La semaine de quatre jours, très expérimentée ces dernières années, est-elle une voie vers un monde du travail plus équilibré et plus productif ? Ou est-ce un modèle qui n’est finalement séduisant que pour quelques organisations et secteurs spécifiques et reste difficile à porter économiquement pour la plupart des entreprises et problématique en phase de pénurie de main-d’œuvre ? Pour répondre à ces questions, l’IW de Cologne, un institut économique renommé proche du patronat, a interrogé les responsables RH de 823 entreprises actives dans tous les secteurs, sauf le secteur public, en tenant compte de trois perspectives : celle de l’entreprise, du secteur d’activité et de l’économie nationale.
Un modèle de niche peu répandu
D’un point de vue quantitatif, on apprend ainsi que 82% des entreprises n’ont pas envisagé (36%) ou ont exclu (46%) l’introduction de la semaine de quatre jours. Seuls 4% l’ont déjà mise en place, 2% sont en phase de test et 1% s’y préparent. Les taux d’adoption varient selon la taille et le secteur, mais restent donc faibles (6,2% en moyenne). Les petites entreprises (6,4% pour les moins de 50 salariés contre 3,6% pour les plus de 250 salariés), l’artisanat et le secteur informatique sont plus nombreux que la moyenne à expérimenter la semaine de quatre jours ou à l’adopter.
Scepticisme dominant
Une large majorité des responsables RH reste sceptique et ne pense pas que les effets positifs souvent évoqués tels que l’augmentation de l’attractivité de l’employeur (47%) ou la satisfaction des collaborateurs (35%) puissent contrebalancer les effets négatifs attendus. Ainsi, 80% doutent qu’une densification du travail permettent de résoudre l’équation “réduction du temps de travail + charge de travail et salaire égaux”. Ils craignent une hausse des coûts salariaux (77%), un regain de complexité des processus de travail (69%), la nécessité d’embaucher du personnel supplémentaire (63%), et une augmentation de la pénibilité au travail pour les employés (60%). Seule une minorité (6%) pense que des gains de productivité pourraient compenser la réduction du temps de travail et 20% estiment qu’une densification du travail est possible. Au bout du compte, 41% jugent que le modèle n’est pas réalisable dans leur branche et 32% pensent qu’il ne serait possible que pour peu d’entreprises de leur secteur. Même parmi celles ayant déjà introduit la mesure, la majorité reste sceptique quant à sa généralisation dans leur branche, écrivent les auteurs.

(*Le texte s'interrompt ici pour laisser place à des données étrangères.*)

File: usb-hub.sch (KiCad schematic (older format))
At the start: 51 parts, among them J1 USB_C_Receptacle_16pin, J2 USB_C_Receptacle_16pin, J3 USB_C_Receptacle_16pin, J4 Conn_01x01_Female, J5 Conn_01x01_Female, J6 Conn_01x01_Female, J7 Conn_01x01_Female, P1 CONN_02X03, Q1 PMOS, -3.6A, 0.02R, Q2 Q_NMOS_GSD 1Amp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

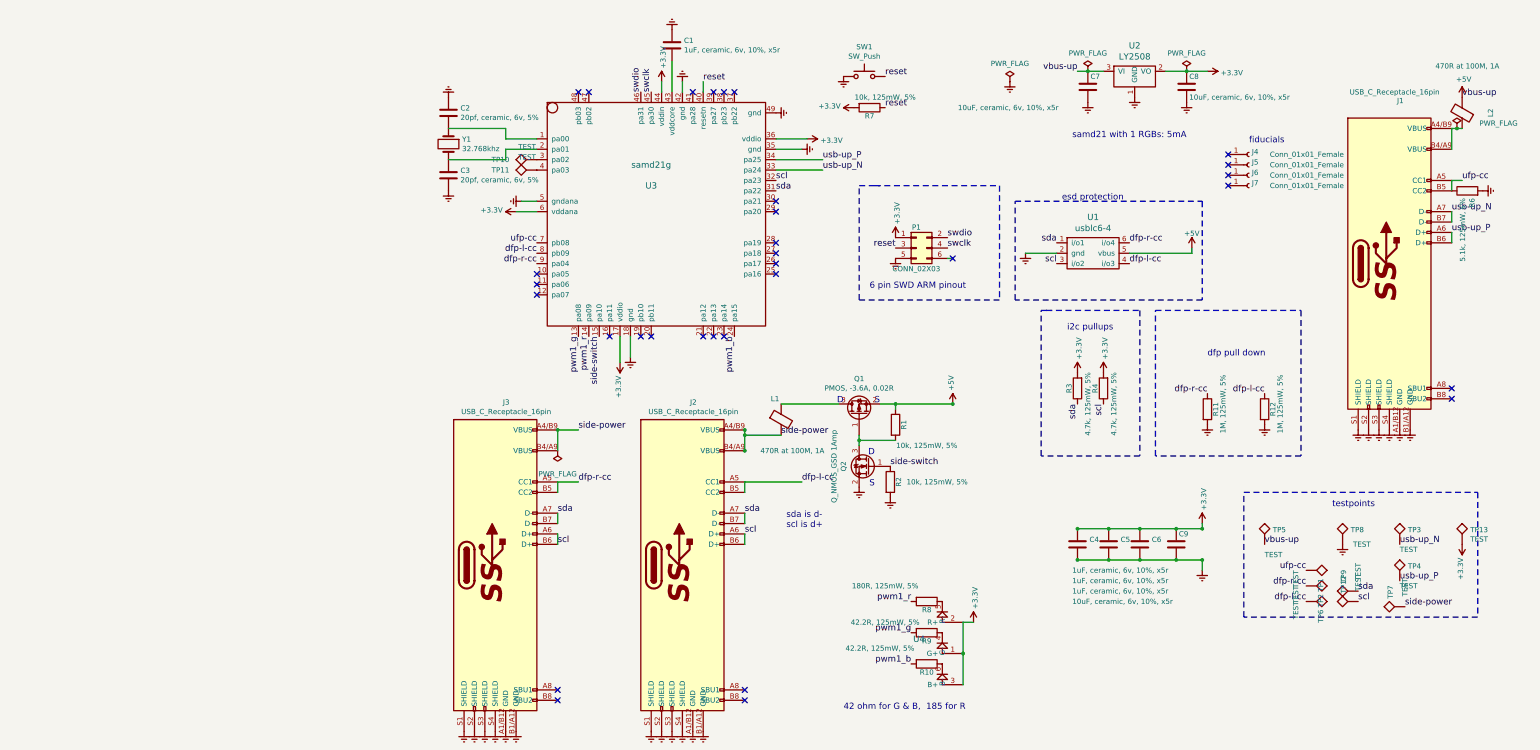
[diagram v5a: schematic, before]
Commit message: moved sockets in by 1.25mm
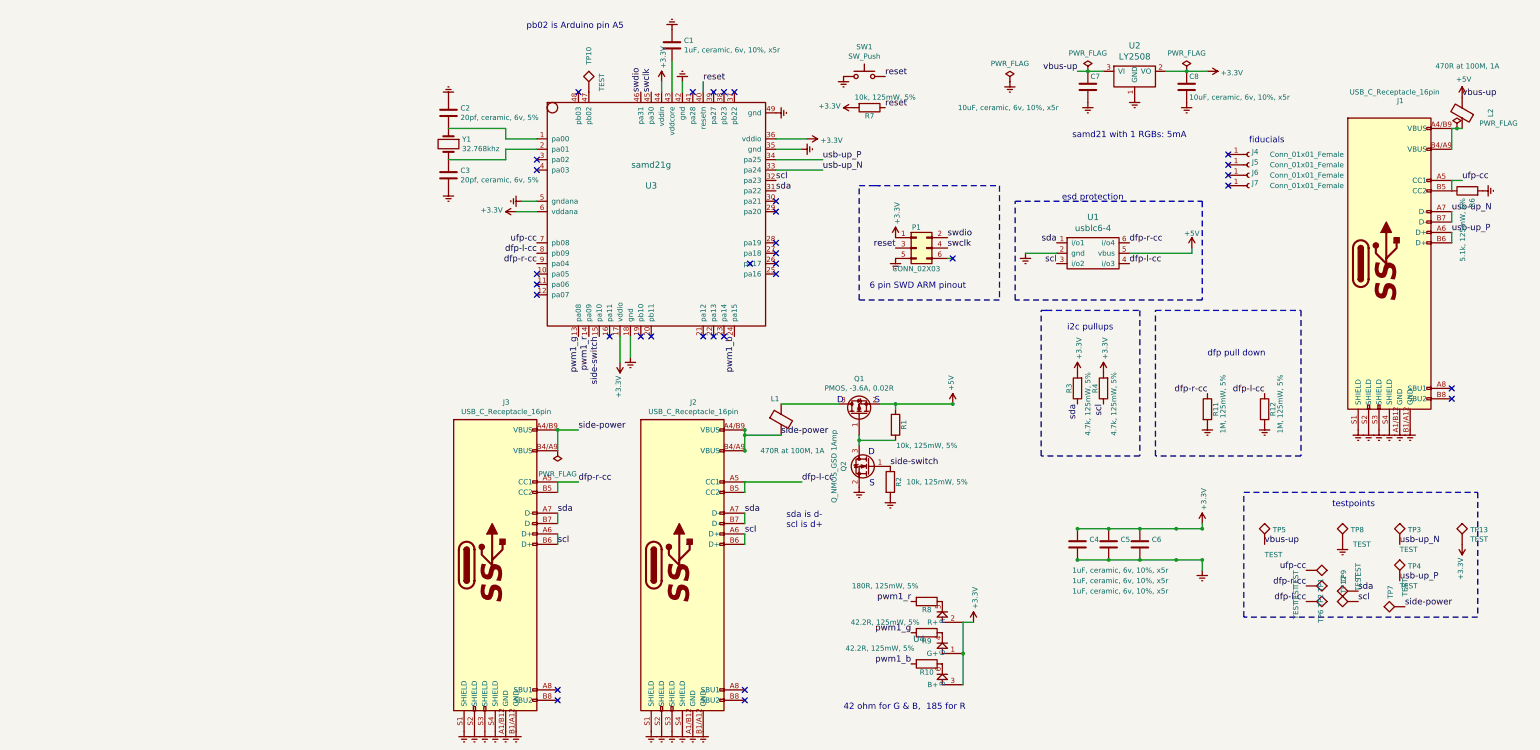
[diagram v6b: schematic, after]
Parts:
- removed C9: 10uF, ceramic, 6v, 10%, x5r, raise_fp:C_0603, symbol C
- removed TP11: TEST, raise_fp:testpoint, symbol TEST
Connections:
- net at TP10.1: now also U3.47 (pb02); no longer U3.3 (pa02)
- no-connect marks 32 -> 34
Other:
- note added: "pb02 is Arduino pin A5"
- moved on the sheet: TP10
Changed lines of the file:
@@
-$EndComp
-$Comp
-L C C9
-U 1 1 5B07FB05
-P 7900 5700
-F 0 "C9" H 7925 5800 50  0000 L CNN
-F 1 "10uF, ceramic, 6v, 10%, x5r" H 6900 5150 50  0000 L CNN
-F 2 "raise_fp:C_0603" H 7938 5550 30  0001 C CNN
-F 3 "" H 7900 5700 60  0000 C CNN
-F 4 "1288201" H 7900 5700 60  0001 C CNN "farnell #"
-F 5 "any/open" H 1900 4400 60  0001 C CNN "supplier"
-F 6 "Value" H 7900 5700 60  0001 C CNN "supplier PN"
-F 7 "Value" H 7900 5700 60  0001 C CNN "MOQ"
-F 8 "Value" H 7900 5700 60  0001 C CNN "leadtime"
-	1    7900 5700
-	1    0    0    -1
 $EndComp
 $Comp
@@
 NoConn ~ 3450 1350
 NoConn ~ 3250 1350
-NoConn ~ 2250 1350
 NoConn ~ 2150 1350
 NoConn ~ 1750 3100
@@
 L TEST TP10
 U 1 1 5B07FD09
-P 1750 2000
-F 0 "TP10" V 1750 2350 50  0000 C CNN
-F 1 "TEST" V 1874 2094 50  0000 C CNN
-F 2 "raise_fp:testpoint" H 1750 2000 50  0001 C CNN
-F 3 "" H 1750 2000 50  0001 C CNN
-F 4 "dnp" H -5550 -850 60  0001 C CNN "farnell #"
-F 5 "dnp" H -5550 -850 60  0001 C CNN "supplier"
-	1    1750 2000
-	0    -1   -1   0
-$EndComp
-$Comp
-L TEST TP11
-U 1 1 5B07FD12
-P 1750 2100
-F 0 "TP11" V 1750 2450 50  0000 C CNN
-F 1 "TEST" V 1874 2194 50  0000 C CNN
-F 2 "raise_fp:testpoint" H 1750 2100 50  0001 C CNN
-F 3 "" H 1750 2100 50  0001 C CNN
-F 4 "dnp" H -5550 -850 60  0001 C CNN "farnell #"
-F 5 "dnp" H -5550 -850 60  0001 C CNN "supplier"
-	1    1750 2100
-	0    -1   -1   0
+P 2250 1350
+F 0 "TP10" V 2250 1700 50  0000 C CNN
+F 1 "TEST" V 2374 1444 50  0000 C CNN
+F 2 "raise_fp:testpoint" H 2250 1350 50  0001 C CNN
+F 3 "" H 2250 1350 50  0001 C CNN
+F 4 "dnp" H -5050 -1500 60  0001 C CNN "farnell #"
+F 5 "dnp" H -5050 -1500 60  0001 C CNN "supplier"
+	1    2250 1350
+	1    0    0    -1
 $EndComp
 $Comp
@@
 Wire Notes Line
 	4850 2250 5050 2250
+NoConn ~ 1750 2100
+NoConn ~ 1750 2000
+NoConn ~ 3800 3000
+Text Notes 1650 750  0    60   ~ 0
+pb02 is Arduino pin A5
 $EndSCHEMATC

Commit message: replaced programming header with test pads
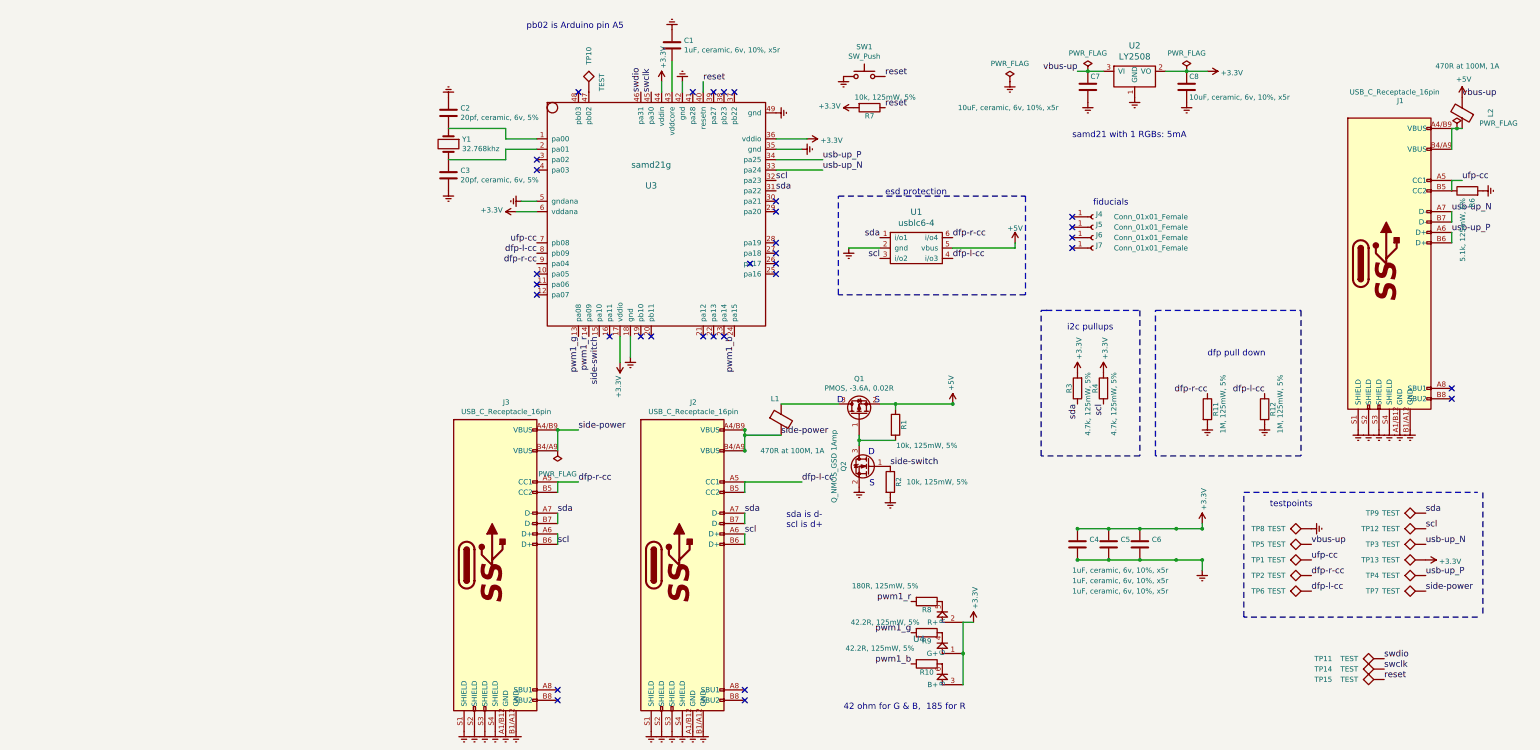
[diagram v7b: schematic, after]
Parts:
- removed P1: CONN_02X03, raise_fp:Tag-Connect_TC2030-IDC-NL, symbol Conn_02x03_Odd_Even
- added TP11, TP14, TP15: TEST, raise_fp:testpoint, symbol TEST
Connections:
- net reset: now also TP15.1
- net swclk: now also TP14.1
- net swdio: now also TP11.1
- no-connect marks 34 -> 33
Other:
- note removed: "6 pin SWD ARM pinout"
- moved on the sheet: J4, J5, J6, J7, TP1, TP12, TP13, TP2, TP3, TP4, TP5, TP6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

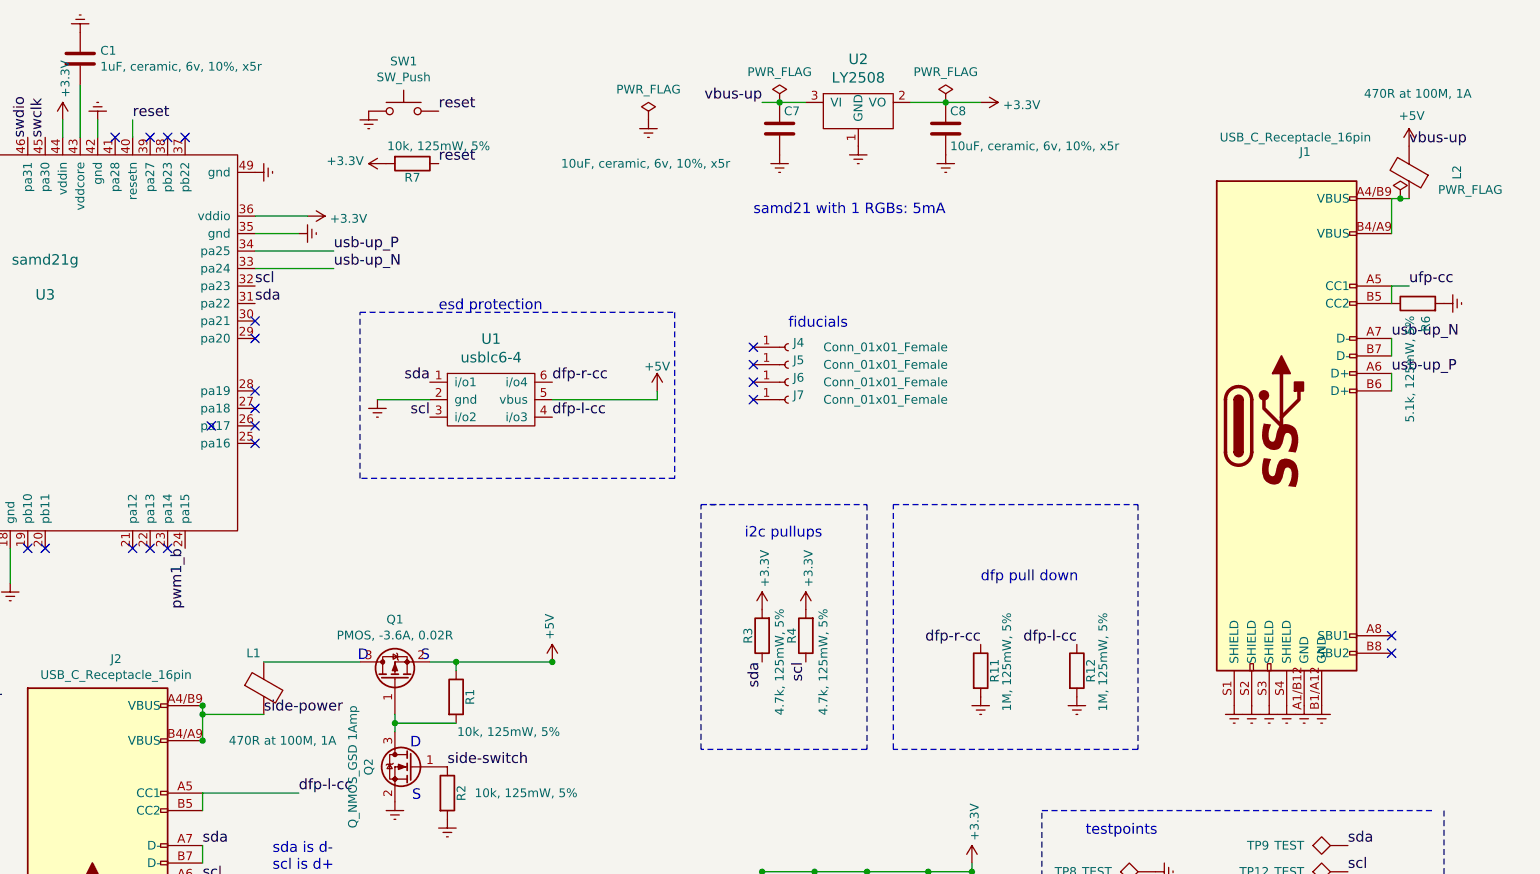
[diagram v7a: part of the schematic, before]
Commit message: dnp esd and add inductor name to component value
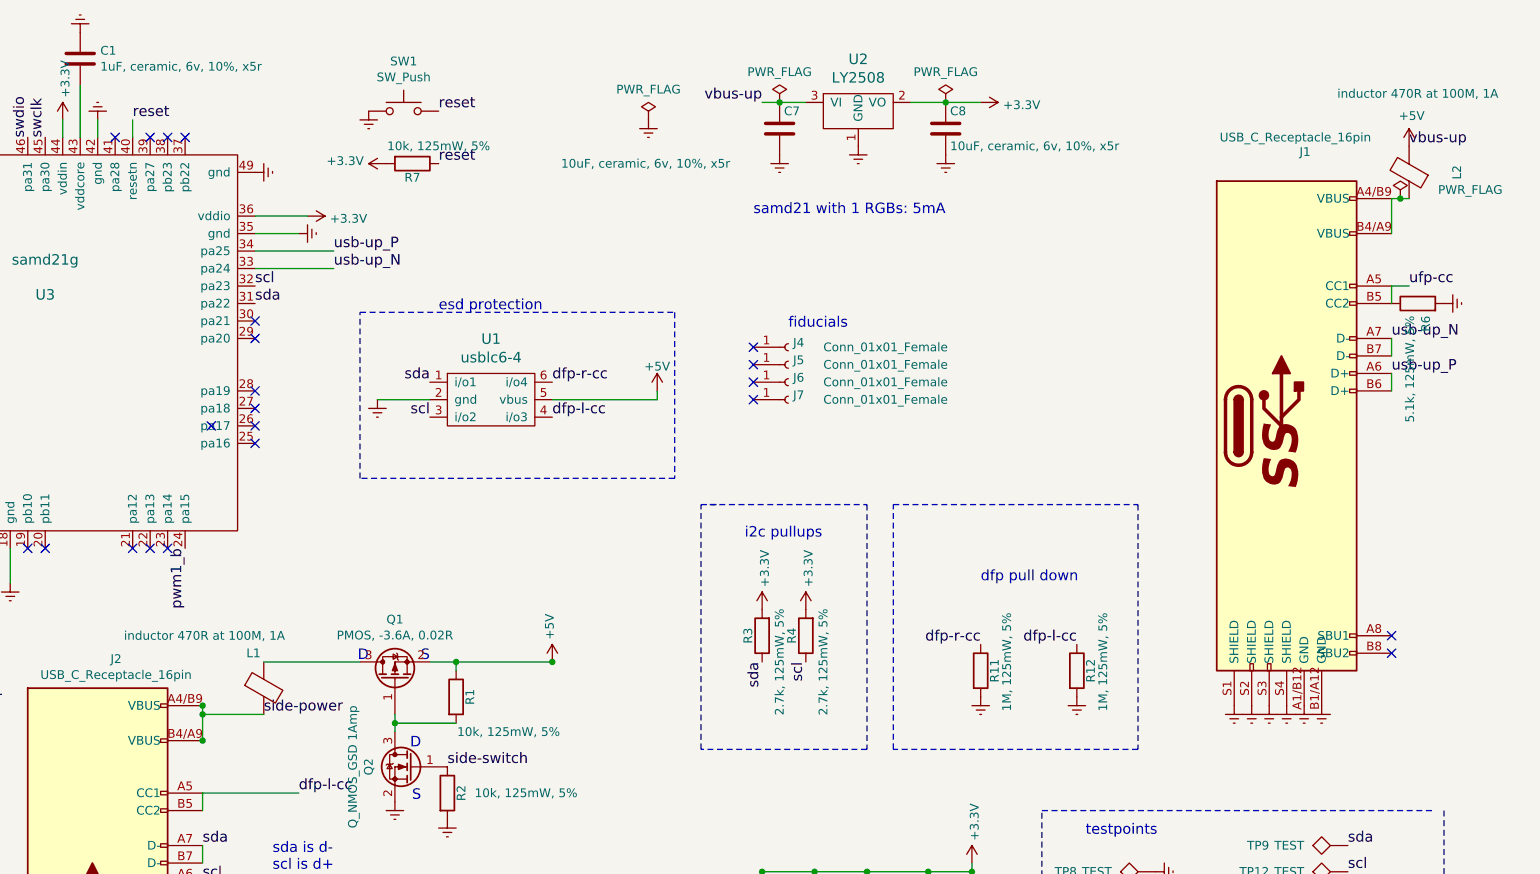
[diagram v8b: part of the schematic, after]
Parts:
- L1, L2: value 470R at 100M, 1A -> inductor 470R at 100M, 1A
- R3, R4: value 4.7k, 125mW, 5% -> 2.7k, 125mW, 5%
- U1: supplier STMicroElectronics -> dnp
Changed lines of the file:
@@
 P 10650 1550
 F 0 "L2" V 10376 1550 50  0000 C CNN
-F 1 "470R at 100M, 1A" H 10600 1100 50  0000 C CNN
+F 1 "inductor 470R at 100M, 1A" H 10600 1100 50  0000 C CNN
 F 2 "raise_fp:R_0603" V 10580 1550 50  0001 C CNN
 F 3 "" H 10650 1550 50  0001 C CNN
@@
 P 4100 4500
 F 0 "L1" H 4000 4700 50  0000 L CNN
-F 1 "470R at 100M, 1A" H 3900 4200 50  0000 L CNN
+F 1 "inductor 470R at 100M, 1A" H 3300 4800 50  0000 L CNN
 F 2 "raise_fp:R_0603" V 4030 4500 50  0001 C CNN
-F 3 "" H 4100 4500 50  0001 C CNN
+F 3 "http://www.farnell.com/datasheets/1740433.pdf?_ga=2.1215026.208533312.1536141751-2043240940.1516888894&_gac=1.12724805.1532683767.CjwKCAjwhevaBRApEiwA7aT53zTVIy1Ri4nl7qGoZV30uJtjVZm712YCRH0pjFZDdC8St9fAwf9sMBoCBakQAvD_BwE" H 4100 4500 50  0001 C CNN
 F 4 "1515745" H 4100 4500 60  0001 C CNN "farnell #"
 F 5 "Murata" H 4100 4500 60  0001 C CNN "supplier"
@@
 F 3 "" H 5400 2850 60  0001 C CNN
 F 4 "1295311" H 1200 850 60  0001 C CNN "farnell #"
-F 5 "STMicroElectronics" H 5400 2850 60  0001 C CNN "supplier"
+F 5 "dnp" H 5400 2850 60  0001 C CNN "supplier"
 F 6 "USBLC6-4SC6 " H 5400 2850 60  0001 C CNN "supplier PN"
 F 7 "Value" H 5400 2850 60  0001 C CNN "MOQ"
@@
 P 6950 4200
 F 0 "R3" V 7030 4200 50  0000 C CNN
-F 1 "4.7k, 125mW, 5%" V 6850 4350 50  0000 C CNN
+F 1 "2.7k, 125mW, 5%" V 6850 4350 50  0000 C CNN
 F 2 "raise_fp:R_0603" V 6880 4200 30  0001 C CNN
 F 3 "" H 6950 4200 30  0000 C CNN
@@
 P 7200 4200
 F 0 "R4" V 7280 4200 50  0000 C CNN
-F 1 "4.7k, 125mW, 5%" V 7100 4350 50  0000 C CNN
+F 1 "2.7k, 125mW, 5%" V 7100 4350 50  0000 C CNN
 F 2 "raise_fp:R_0603" V 7130 4200 30  0001 C CNN
 F 3 "" H 7200 4200 30  0000 C CNN

Des effets négatifs majoritairement anticipés
Au niveau macroéconomique, la question des effets positifs d’une réduction légale ou conventionnelle du temps de travail à quatre jours par semaine sur l’économie allemande dans son ensemble a également été posée. Parmi les effets positifs possibles, c’est la baisse globale du taux d’absentéisme qui recueille le plus de suffrages. Avec 17% des personnes interrogées, cette approbation reste toutefois très limitée. Environ 7% estiment aussi que la réduction du temps de travail pourrait stimuler l’innovation. Seuls 6% des personnes sondées sont convaincues que l’introduction de la semaine de quatre jours permettrait de “réduire efficacement la pénurie de main-d’œuvre qualifiée”. En fait, les responsables RH anticipent majoritairement des effets négatifs sur l’économie : réduction globale des capacités de production (71%), perte de compétitivité internationale (69%), perte de flexibilité (62%) et menace pour la prospérité économique (60%).